[Exercise]
Where a line in the listing contains the string "schematic", copy that line out.
======== Records to process
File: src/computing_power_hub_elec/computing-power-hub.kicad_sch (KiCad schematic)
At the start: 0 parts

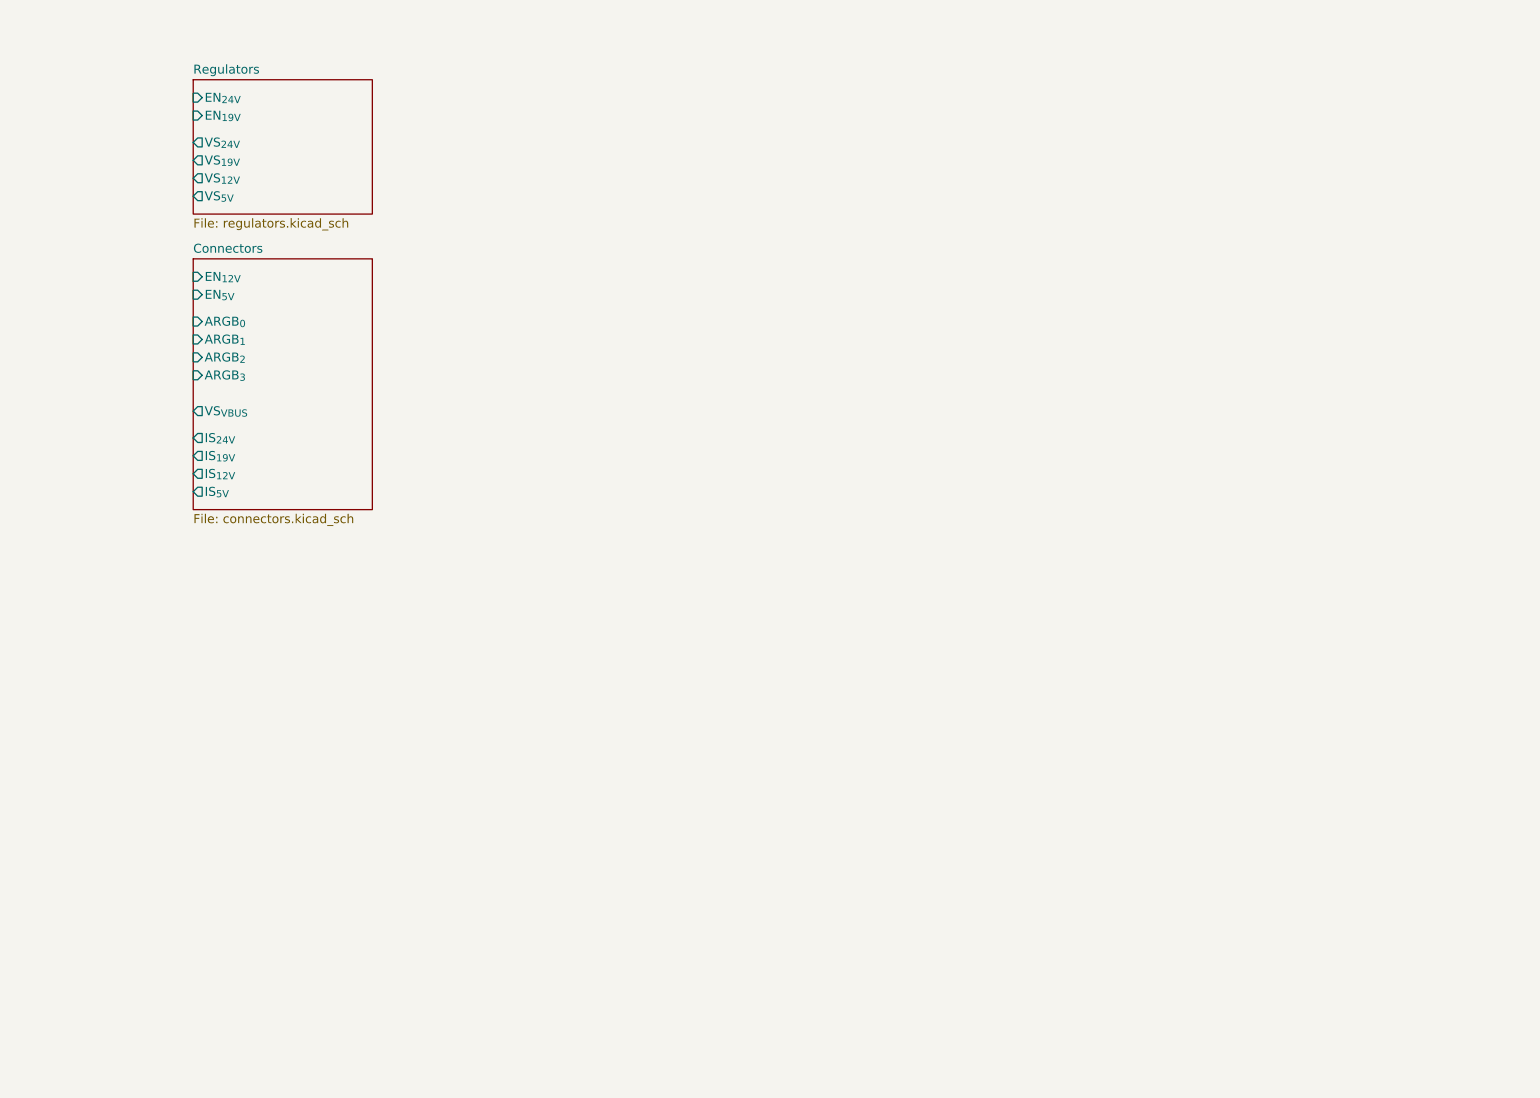
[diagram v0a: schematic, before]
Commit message: Complete first draft of compute power schematic
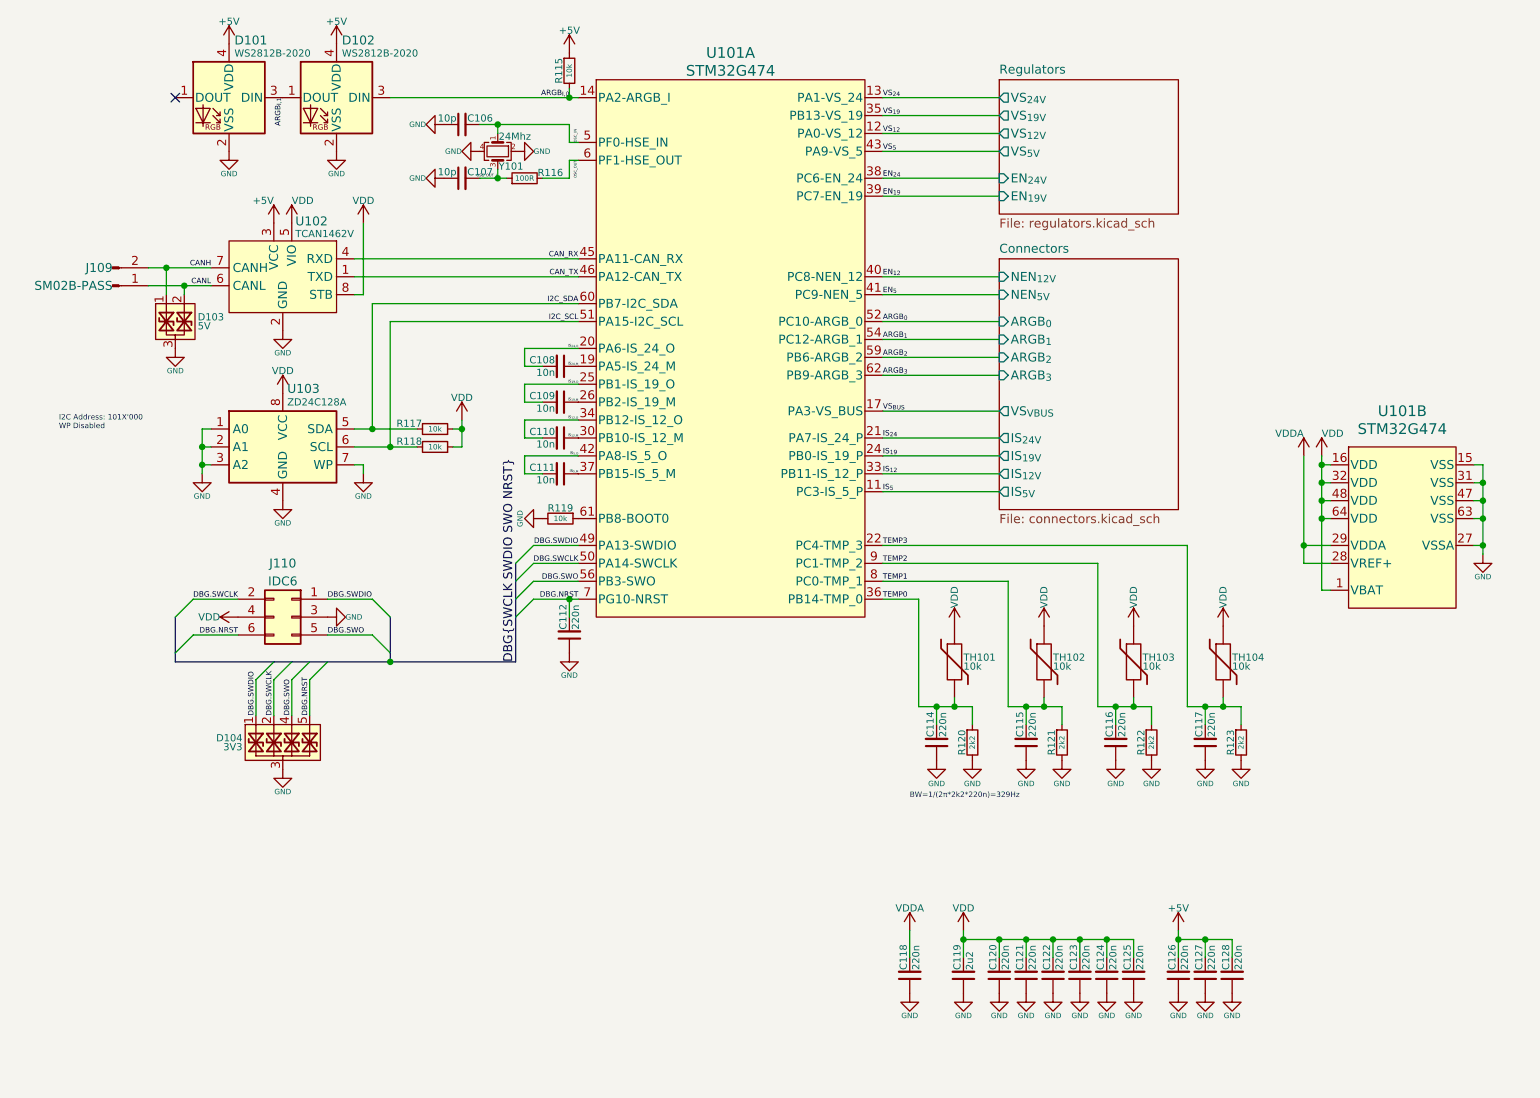
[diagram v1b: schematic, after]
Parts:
- added C106, C107: 10p, Capacitor_SMD:C_0402_1005Metric, symbol Bluesat:C_CompactH
- added C108, C109, C110, C111: 10n, symbol Bluesat:C_CompactV
- added C112, C114, C115, C116, C117, C118, C120, C121, C122, C123, C124, C125, C126, C127, C128: 220n, Capacitor_SMD:C_0402_1005Metric, symbol Bluesat:C_CompactV
- added C119: 2u2, Capacitor_SMD:C_0402_1005Metric, symbol Bluesat:C_CompactV
- added D101, D102: WS2812B-2020, LED_SMD:LED_WS2812B-2020_PLCC4_2.0x2.0mm, symbol LED:WS2812B-2020
- added D103: 5V, Package_TO_SOT_SMD:SOT-523, symbol Bluesat:D_TVS_Dual_Compact
- added D104: 3V3, Package_DFN_QFN:Diodes_UDFN-10_1.0x2.5mm_P0.5mm, symbol Bluesat:D_TVS_Quad_Compact
- added J109: SM02B-PASS, Bluesat:SM02B-PASS, symbol Connector:Conn_01x02_Pin
- added J110: IDC6, Bluesat:IDC6, symbol Connector_Generic:Conn_02x03_Odd_Even
- added R115: 10k, Resistor_SMD:R_0402_1005Metric, symbol Bluesat:R_CompactV
- added R116: 100R, Resistor_SMD:R_0402_1005Metric, symbol Bluesat:R_CompactH
- added R117, R118: 10k, Resistor_SMD:R_0402_1005Metric, symbol Bluesat:R_CompactH
- added R119: 10k, symbol Bluesat:R_CompactV
- added R120, R121, R122, R123: 2k2, Resistor_SMD:R_0402_1005Metric, symbol Bluesat:R_CompactV
- added TH101, TH102, TH103, TH104: 10k, Resistor_SMD:R_0402_1005Metric, symbol Device:Thermistor
- added U101: STM32G474, LQFP64-10x10mm, symbol Bluesat:STM32G474_ComputePower
- added U102: TCAN1462V, symbol Bluesat:TCAN1462V
- added U103: ZD24C128A, Package_SO:TSSOP-8_4.4x3mm_P0.65mm, symbol Memory_EEPROM:24LC128
- added Y101: 24Mhz, Crystal:Crystal_SMD_2016-4Pin_2.0x1.6mm, symbol Device:Crystal_GND24_Small
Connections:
- new net: R119.1, U101.61 (PB8-BOOT0)
- new net +5V: C126.2, C127.2, C128.2, D101.4 (VDD), D102.4 (VDD), R115.1, U102.3 (VCC)
- new net ARGB_{0}: U101.52 (PC10-ARGB_0)
- new net ARGB_{1}: U101.54 (PC12-ARGB_1)
- new net ARGB_{2}: U101.59 (PB6-ARGB_2)
- new net ARGB_{3}: U101.62 (PB9-ARGB_3)
- new net ARGB_{I,0}: D102.3 (DIN), R115.2, U101.14 (PA2-ARGB_I)
- new net ARGB_{I,1}: D101.3 (DIN), D102.1 (DOUT)
- new net CANH: D103.1, J109.2 (Pin_2), U102.7 (CANH)
- new net CANL: D103.2, J109.1 (Pin_1), U102.6 (CANL)
- new net CAN_RX: U101.45 (PA11-CAN_RX), U102.4 (RXD)
- new net CAN_TX: U101.46 (PA12-CAN_TX), U102.1 (TXD)
- new net DBG.NRST: C112.2, D104.5, D104.6, J110.6 (Pin_6), U101.7 (PG10-NRST)
- new net DBG.SWCLK: D104.2, D104.9, J110.2 (Pin_2), U101.50 (PA14-SWCLK)
- new net DBG.SWDIO: D104.1, D104.10, J110.1 (Pin_1), U101.49 (PA13-SWDIO)
- new net DBG.SWO: D104.4, D104.7, J110.5 (Pin_5), U101.56 (PB3-SWO)
- new net EN_{12}: U101.40 (PC8-NEN_12)
- new net EN_{19}: U101.39 (PC7-EN_19)
- new net EN_{24}: U101.38 (PC6-EN_24)
- new net EN_{5}: U101.41 (PC9-NEN_5)
- new net GND: C106.1, C107.1, C112.1, C114.1, C115.1, C116.1, C117.1, C118.1, C119.1, C120.1, C121.1, C122.1, C123.1, C124.1, C125.1, C126.1, C127.1, C128.1, D101.2 (VSS), D102.2 (VSS), D103.3, D104.3, D104.8, J110.3 (Pin_3), R119.2, R120.2, R121.2, R122.2, R123.2, U101.15 (VSS), U101.27 (VSSA), U101.31 (VSS), U101.47 (VSS), U101.63 (VSS), U102.2 (GND), U102.9 (EP), U103.1 (A0), U103.2 (A1), U103.3 (A2), U103.4 (GND), U103.7 (WP), Y101.2, Y101.4
- new net I2C_SCL: R118.2, U101.51 (PA15-I2C_SCL), U103.6 (SCL)
- new net I2C_SDA: R117.2, U101.60 (PB7-I2C_SDA), U103.5 (SDA)
- new net IS_{12,M}: C110.1, U101.30 (PB10-IS_12_M)
- new net IS_{12,O}: C110.2, U101.34 (PB12-IS_12_O)
- new net IS_{12}: U101.33 (PB11-IS_12_P)
- new net IS_{19,M}: C109.1, U101.26 (PB2-IS_19_M)
- new net IS_{19,O}: C109.2, U101.25 (PB1-IS_19_O)
- new net IS_{19}: U101.24 (PB0-IS_19_P)
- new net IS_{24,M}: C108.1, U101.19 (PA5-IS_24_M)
================
[Answer box]
File: src/computing_power_hub_elec/computing-power-hub.kicad_sch (KiCad schematic)
[diagram v0a: schematic, before]
Commit message: Complete first draft of compute power schematic
[diagram v1b: schematic, after]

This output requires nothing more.